I'm using HTML Tidy for HTML 5.

jgm commented

I didn't know there was an HTML5 version of tidy.
In any case, see the docs I linked to, which clearly state that type should not be used in this case for HTML5. Maybe you should report a bug to tidy?

jgm commented

OK, here's the clue:
htacg/tidy-html5#660

tidy is seeing this as an XHTML5 file (not unreasonably since we try to produce polyglot HTML). And it's adding CDATA to ensure XML conformance. You can defeat this by using the -ashtml flag with tidy.

jgm commented

Now, here's the interesting thing. If you add type="text/css", it still adds the CDATA, but it puts it in a CSS comment, and that's why it doesn't screw things up for browsers. Without the type="text/css", it doesn't do this -- I'm not sure why not, because text/css is supposed to be the default in HTML5.

Without the type="text/css", it doesn't do this -- I'm not sure why not, because text/css is supposed to be the default in HTML5.

I couldn't come up with an answer either, but my best guess is that it's just a hack for backward compatibility with old browsers (e.g. IE7).

Development of the new HTML Tidy version targeting HTML5 seems to have stalled since a couple of years — the "new version" being a revamped implementation of the parser — but in the meantime the "old" (classic) version was indeed updated to support HTML5, although it hasn't caught up with the latest HTML5 specs changes of the last couple of years (e.g. start number in ordered lists, first deprecated then re-instated, where Tidy still considers it deprecated). So, the latest Tidy is HTML5 compliant, but lags behind the standard two years or so (and I don't think there will be any further updates until the new parsing engine is completed).

Although the type= attribute is deprecated, it's still usable (using it is not considered invalid); probably this is one of these "transitional changes" that might take time to come into effect in real practice; I noticed that many modern CSS libraries and HTML templates still use it in their HTML code, so I'm assuming that if they cling to it there might be some utility in doing so.

Unfortunately, HTML Tidy won't just reformat the indentation of HTML without altering the contents, it always applies changes — most default settings enforce clean-up and optimizations of all sorts, and even by switching off all of them via command line options or a configuration file, Tidy will still enforce some changes which are hardwired into the program. I gather that Tidy was designed mainly as a validation tool for manually written HTML documents, and not really for procedurally generated HTML docs. It's possible to "teach" Tidy about new tags via configurations, which allows some margin to handle custom tags properly since you can instruct Tidy on how to treat them (inline, block, pre, etc.), but I'm not sure this could be used to override the behavior of known tags.

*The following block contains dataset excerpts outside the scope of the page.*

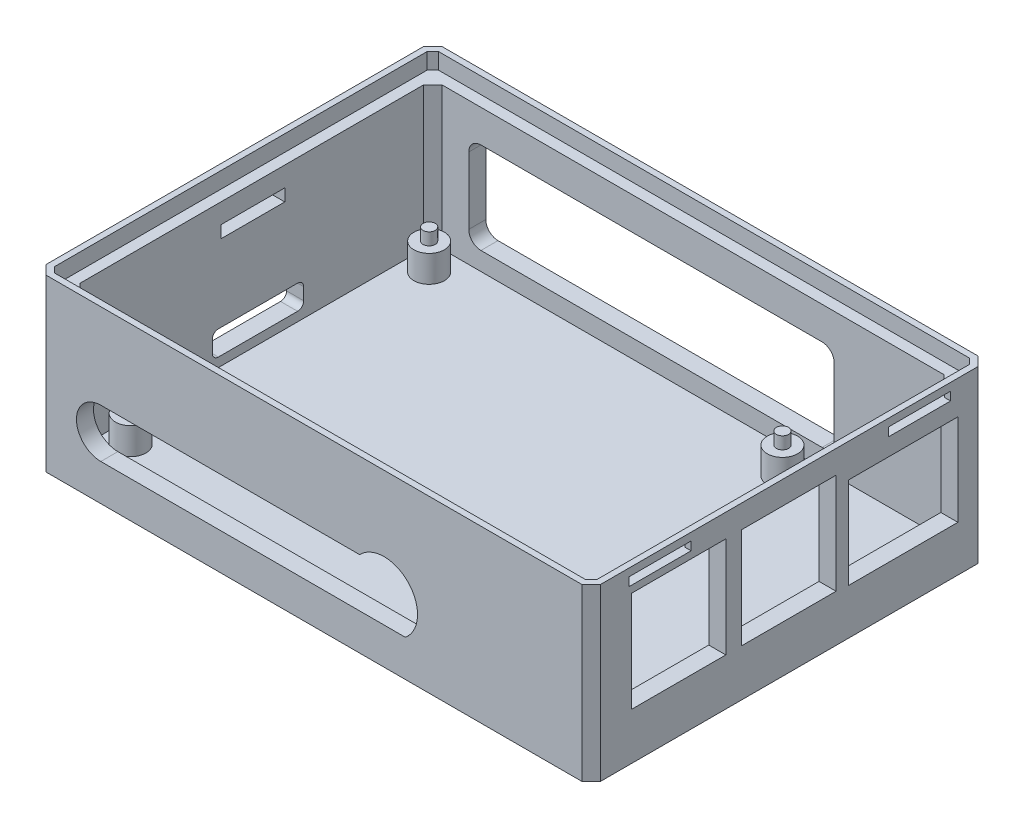
from build123d import *

# Parameters (mm, degrees)
SKETCH1_W           = 91
SKETCH1_H           = 65
BOSS_EXTRUDE1_DEPTH = 2
SKETCH2_R           = 2.5
BOSS_EXTRUDE2_DEPTH = 4.4
SKETCH3_R           = 1
BOSS_EXTRUDE3_DEPTH = 2
SKETCH4_W           = 91
SKETCH4_H           = 28
BOSS_EXTRUDE4_DEPTH = 2.8
SKETCH5_W           = 65
SKETCH5_H           = 28
SKETCH5_W_2         = 15.5
SKETCH5_H_2         = 16.5
SKETCH5_W_3         = 18
SKETCH5_H_3         = 15
BOSS_EXTRUDE5_DEPTH = 2.8
SKETCH6_W           = 91
SKETCH6_H           = 28
BOSS_EXTRUDE6_DEPTH = 2.8
SKETCH7_W           = 65
SKETCH7_H           = 28
BOSS_EXTRUDE7_DEPTH = 2.8
CHAMFER1_SIZE       = 1.5
CUT_EXTRUDE1_DEPTH  = 2.65
SKETCH11_W          = 10.5
SKETCH11_H          = 2
CUT_EXTRUDE2_DEPTH  = 3
SKETCH12_W          = 10.2
SKETCH12_H          = 1.4
CUT_EXTRUDE3_DEPTH  = 3


with BuildPart() as part:
    # Sketch1 → Boss-Extrude1 (new body)
    with BuildSketch(Plane(origin=(0, 0, 0), x_dir=(1, 0, 0), z_dir=(0, 1, 0))):
        Rectangle(SKETCH1_W, SKETCH1_H)
    extrude(amount=BOSS_EXTRUDE1_DEPTH)

    # Sketch2 → Boss-Extrude2 (add)
    with BuildSketch(Plane(origin=(0, 2, 0), x_dir=(1, 0, 0), z_dir=(0, 1, 0))):
        with Locations(Location((-39, -23.6, 0), (0, 0, 90))):
            Circle(SKETCH2_R)
        with Locations(Location((-39, 25.4, 0), (0, 0, 90))):
            Circle(SKETCH2_R)
        with Locations(Location((19, 25.4, 0), (0, 0, 90))):
            Circle(SKETCH2_R)
        with Locations(Location((19, -23.6, 0), (0, 0, 90))):
            Circle(SKETCH2_R)
    extrude(amount=BOSS_EXTRUDE2_DEPTH)

    # Sketch3 → Boss-Extrude3 (add)
    with BuildSketch(Plane(origin=(0, 6.4, 0), x_dir=(1, 0, 0), z_dir=(0, 1, 0))):
        with Locations(Location((-39, -23.6, 0), (0, 0, 270))):
            Circle(SKETCH3_R)
        with Locations(Location((-39, 25.4, 0), (0, 0, 270))):
            Circle(SKETCH3_R)
        with Locations(Location((19, 25.4, 0), (0, 0, 270))):
            Circle(SKETCH3_R)
        with Locations(Location((19, -23.6, 0), (0, 0, 270))):
            Circle(SKETCH3_R)
    extrude(amount=BOSS_EXTRUDE3_DEPTH)

    # Sketch4 → Boss-Extrude4 (add)
    with BuildSketch(Plane.XY.offset(32.5)):
        with Locations((0, 14)):
            Rectangle(SKETCH4_W, SKETCH4_H)
        with BuildLine():
            Line((-35, 14), (7.5, 14))
            ThreePointArc((7.5, 14), (15.507804885, 13.99169208), (15, 6))
            Line((15, 6), (-35, 6))
            ThreePointArc((-35, 6), (-39, 10), (-35, 14))
        make_face(mode=Mode.SUBTRACT)
    extrude(amount=-BOSS_EXTRUDE4_DEPTH)

    # Sketch5 → Boss-Extrude5 (add)
    with BuildSketch(Plane(origin=(45.5, 0, 0), x_dir=(0, 0, -1), z_dir=(1, 0, 0))):
        with Locations((0, 14)):
            Rectangle(SKETCH5_W, SKETCH5_H)
        with Locations((-18.15, 15.95)):
            Rectangle(SKETCH5_W_2, SKETCH5_H_2, mode=Mode.SUBTRACT)
        with Locations((-0.05, 15.95)):
            Rectangle(SKETCH5_W_2, SKETCH5_H_2, mode=Mode.SUBTRACT)
        with Locations((18.7, 15)):
            Rectangle(SKETCH5_W_3, SKETCH5_H_3, mode=Mode.SUBTRACT)
    extrude(amount=-BOSS_EXTRUDE5_DEPTH)

    # Sketch6 → Boss-Extrude6 (add)
    with BuildSketch(Plane(origin=(0, 0, -32.5), x_dir=(-1, 0, 0), z_dir=(0, 0, -1))):
        with Locations((0, 14)):
            Rectangle(SKETCH6_W, SKETCH6_H)
        with BuildLine():
            Line((-21.2, 20), (34.8, 20))
            ThreePointArc((34.8, 20), (36.214213562, 19.414213562), (36.8, 18))
            Line((36.8, 18), (36.8, 7))
            ThreePointArc((36.8, 7), (36.214213562, 5.585786438), (34.8, 5))
            Line((34.8, 5), (-21.2, 5))
            ThreePointArc((-21.2, 5), (-22.614213562, 5.585786438), (-23.2, 7))
            Line((-23.2, 7), (-23.2, 18))
            ThreePointArc((-23.2, 18), (-22.614213562, 19.414213562), (-21.2, 20))
        make_face(mode=Mode.SUBTRACT)
    extrude(amount=-BOSS_EXTRUDE6_DEPTH)

    # Sketch7 → Boss-Extrude7 (add)
    with BuildSketch(Plane.ZY.offset(45.5)):
        with Locations((0, 14)):
            Rectangle(SKETCH7_W, SKETCH7_H)
        with BuildLine():
            Line((-7.5, 3.5), (5.5, 3.5))
            ThreePointArc((5.5, 3.5), (6.207106781, 3.792893219), (6.5, 4.5))
            Line((6.5, 4.5), (6.5, 6.5))
            ThreePointArc((6.5, 6.5), (6.207106781, 7.207106781), (5.5, 7.5))
            Line((5.5, 7.5), (-7.5, 7.5))
            ThreePointArc((-7.5, 7.5), (-8.207106781, 7.207106781), (-8.5, 6.5))
            Line((-8.5, 6.5), (-8.5, 4.5))
            ThreePointArc((-8.5, 4.5), (-8.207106781, 3.792893219), (-7.5, 3.5))
        make_face(mode=Mode.SUBTRACT)
    extrude(amount=-BOSS_EXTRUDE7_DEPTH)

    # Chamfer1
    chamfer1_edges = [part.edges().sort_by_distance(p)[0] for p in [
        (42.7, 15, -29.7),
        (-42.7, 15, -29.7),
        (-42.7, 15, 29.7),
        (45.5, 14, 32.5),
        (-45.5, 14, 32.5),
        (-45.5, 14, -32.5),
        (45.5, 14, -32.5),
        (42.7, 15, 29.7),
    ]]
    chamfer(chamfer1_edges, length=CHAMFER1_SIZE)

    # Sketch8 → Cut-Extrude1 (cut)
    with BuildSketch(Plane(origin=(0, 28, 0), x_dir=(1, 0, 0), z_dir=(0, 1, 0))):
        Polygon((43.585786438, 31.5), (-43.585786438, 31.5), (-44.5, 30.585786438), (-44.5, -30.585786438), (-43.585786438, -31.5), (43.585786438, -31.5), (44.5, -30.585786438), (44.5, 30.585786438), align=None)
    extrude(amount=-CUT_EXTRUDE1_DEPTH, mode=Mode.SUBTRACT)

    # Sketch11 → Cut-Extrude2 (cut)
    with BuildSketch(Plane(origin=(-42.7, 0, 0), x_dir=(0, 0, -1), z_dir=(1, 0, 0))):
        with Locations((0.15, 21.1)):
            Rectangle(SKETCH11_W, SKETCH11_H)
    extrude(amount=-CUT_EXTRUDE2_DEPTH, mode=Mode.SUBTRACT)

    # Sketch12 → Cut-Extrude3 (cut)
    with BuildSketch(Plane(origin=(45.5, 0, 0), x_dir=(0, 0, -1), z_dir=(1, 0, 0))):
        with Locations((-21.2, 26.05)):
            Rectangle(SKETCH12_W, SKETCH12_H)
        with Locations((21.4, 26.05)):
            Rectangle(SKETCH12_W, SKETCH12_H)
    extrude(amount=-CUT_EXTRUDE3_DEPTH, mode=Mode.SUBTRACT)


solid = part.part
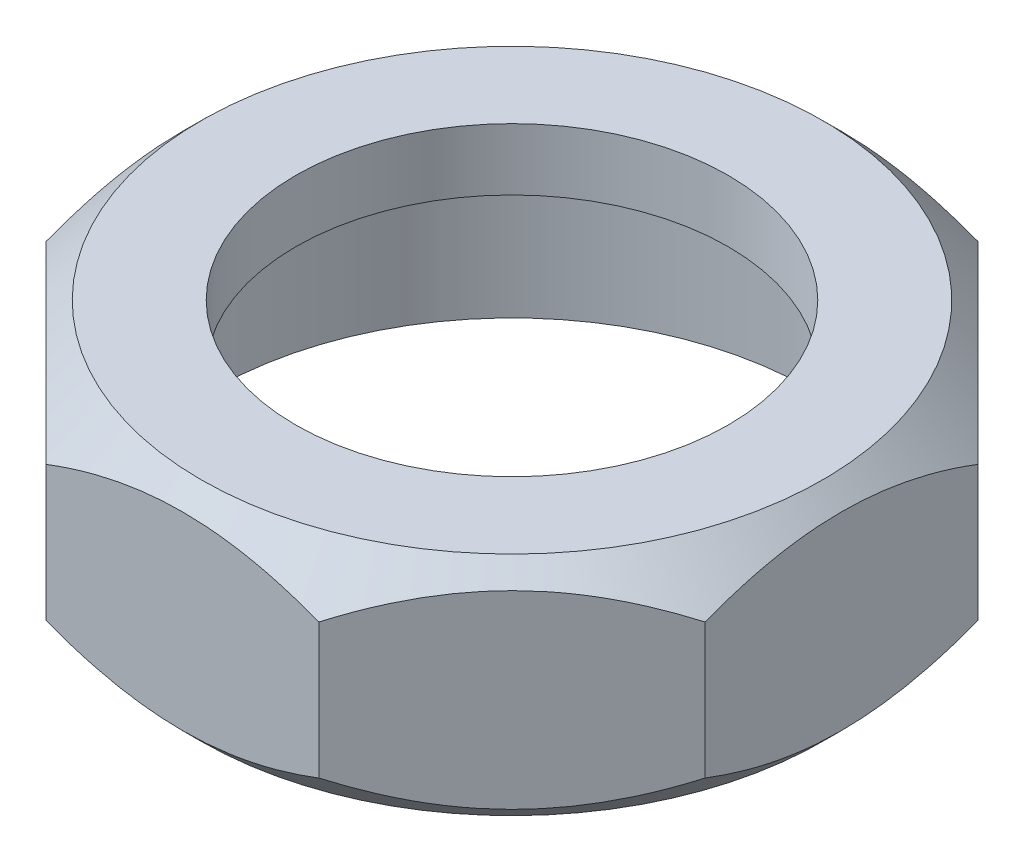
from build123d import *

# Parameters (mm, degrees)
SKETCH1_R           = 10.5
BOSS_EXTRUDE1_DEPTH = 5.5
SKETCH3_R           = 14.5
CUT_EXTRUDE1_DEPTH  = 8


with BuildPart() as part:
    # Sketch1 → Boss-Extrude1 (new, symmetric)
    with BuildSketch(Plane(origin=(0, 0, 0), x_dir=(1, 0, 0), z_dir=(0, 1, 0))):
        Polygon((6.627416998, 16), (-6.627416998, 16), (-16, 6.627416998), (-16, -6.627416998), (-6.627416998, -16), (6.627416998, -16), (16, -6.627416998), (16, 6.627416998), align=None)
        with Locations(Location((0, 0, 0), (0, 0, 270))):
            Circle(SKETCH1_R, mode=Mode.SUBTRACT)
    extrude(amount=BOSS_EXTRUDE1_DEPTH, both=True)

    # Sketch2 → Cut-Revolve1 (revolve, cut)
    with BuildSketch(Plane.XY, mode=Mode.PRIVATE) as cut_revolve1_sk:
        Polygon((-18.5, 2.1), (-18.5, 7.5), (-13.1, 7.5), align=None)
        Polygon((-13.1, -7.5), (-18.5, -2.1), (-18.5, -7.5), align=None)
    revolve(cut_revolve1_sk.sketch.rotate(Axis((0, 0, 0), (0, 1, 0)), 90), axis=Axis((0, 0, 0), (0, 1, 0)), mode=Mode.SUBTRACT)

    # Sketch3 → Cut-Extrude1 (cut)
    with BuildSketch(Plane.XZ.offset(5.5)):
        with Locations(Location((0, 0, 0), (0, 0, 270))):
            Circle(SKETCH3_R)
    extrude(amount=-CUT_EXTRUDE1_DEPTH, mode=Mode.SUBTRACT)


solid = part.part
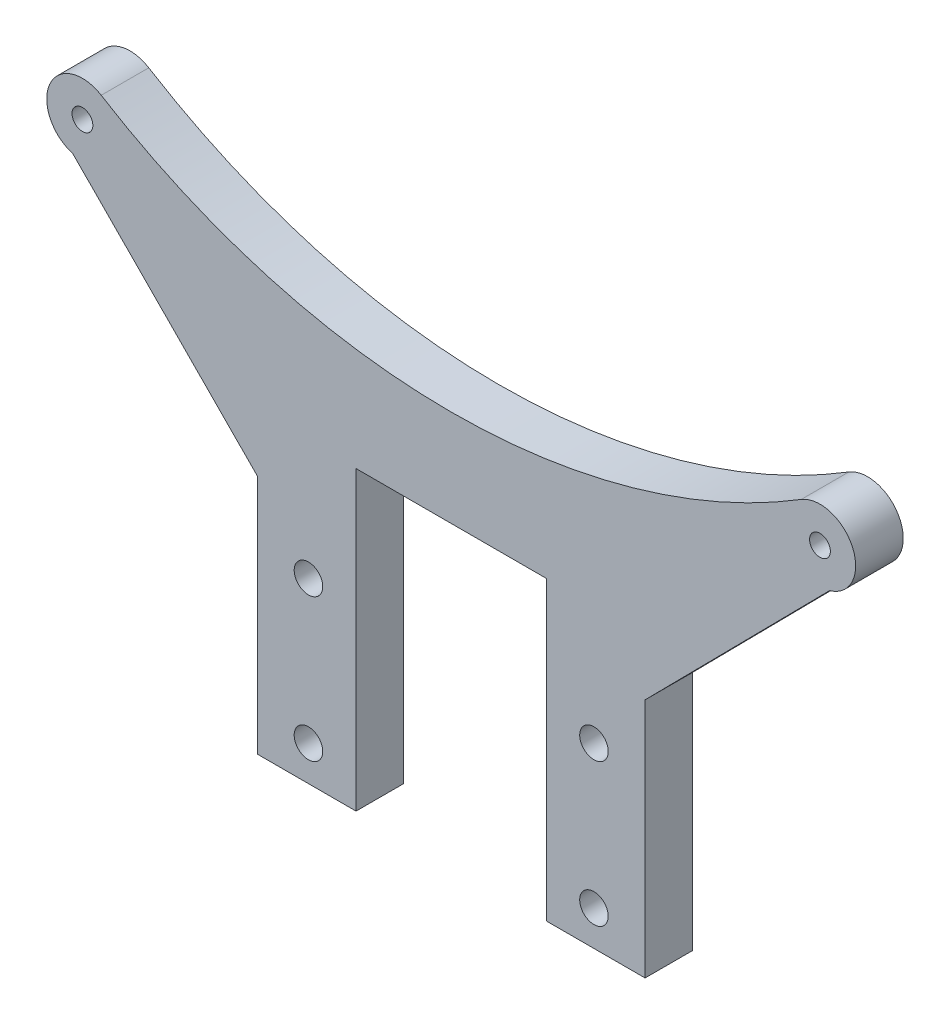
from build123d import *

# Parameters (mm, degrees)
SKETCH1_R           = 1.905
SKETCH1_R_2         = 1.3890625
BOSS_EXTRUDE1_DEPTH = 6.35


with BuildPart() as part:
    # Sketch1 → Boss-Extrude1 (new body)
    with BuildSketch(Plane.XY):
        with BuildLine():
            Line((12.7, 0), (-12.7, 0))
            Line((-12.7, 0), (-12.7, -39.593860647))
            Line((-12.7, -39.593860647), (-25.872163348, -39.593860647))
            Line((-25.872163348, -39.593860647), (-25.872163348, -7.44555378))
            Line((-25.872163348, -7.44555378), (-50.502986928, 17.497884605))
            ThreePointArc((-50.502986928, 17.497884605), (-53.573053894, 23.997146119), (-46.71026588, 26.134399514))
            ThreePointArc((-46.71026588, 26.134399514), (0, 12.874711135), (46.71026588, 26.134399514))
            ThreePointArc((46.71026588, 26.134399514), (53.573053894, 23.997146119), (50.502986928, 17.497884605))
            Line((50.502986928, 17.497884605), (25.872163348, -7.44555378))
            Line((25.872163348, -7.44555378), (25.872163348, -39.593860647))
            Line((25.872163348, -39.593860647), (12.7, -39.593860647))
            Line((12.7, -39.593860647), (12.7, 0))
        make_face()
        with Locations((-19.05, -15.875)):
            Circle(SKETCH1_R, mode=Mode.SUBTRACT)
        with Locations(Location((19.05, -15.875, 0), (0, 0, 180))):
            Circle(SKETCH1_R, mode=Mode.SUBTRACT)
        with Locations((-49.2125, 22.082211135)):
            Circle(SKETCH1_R_2, mode=Mode.SUBTRACT)
        with Locations((-19.05, -34.925)):
            Circle(SKETCH1_R, mode=Mode.SUBTRACT)
        with Locations(Location((19.05, -34.925, 0), (0, 0, 180))):
            Circle(SKETCH1_R, mode=Mode.SUBTRACT)
        with Locations(Location((49.2125, 22.082211135, 0), (0, 0, 180))):
            Circle(SKETCH1_R_2, mode=Mode.SUBTRACT)
    extrude(amount=BOSS_EXTRUDE1_DEPTH)


solid = part.part

I couldn't find a cross-platform single-binary command line tool for reformatting HTML (either than NPM packages, which would add unwanted dependencies to my projects). I think that since Tidy has been the standard tool for the job for so many years, most people simply didn't invest energy in a competitor project.

The main reason why I added Tidy to my project is to improve readability of the generated HTML, which I often need to inspect to check if my custom Lua filters work as expected. I should probably remove Tidy from my toolchain, and find a way to pretty indent-reformat the HTML code directly in the editor instead, at inspection time.

I still think that this issue is worth being taken into consideration, if anything because HTML Tidy remain the number one choice when it comes to validating/reformatting HTML pages, so chances are that pandoc users who'd like to polish their final HTML docs might end up using Tidy anyway (like I did). The way Tidy breaks the default template stylesheet is quite subtle, and might pass unnoticed and/or take considerable time to discover, since it can be quite confusing.

jgm commented

type= has been optional in HTML5 for at least 10 years...
Just use the -ashtml flag with tidy as I suggested.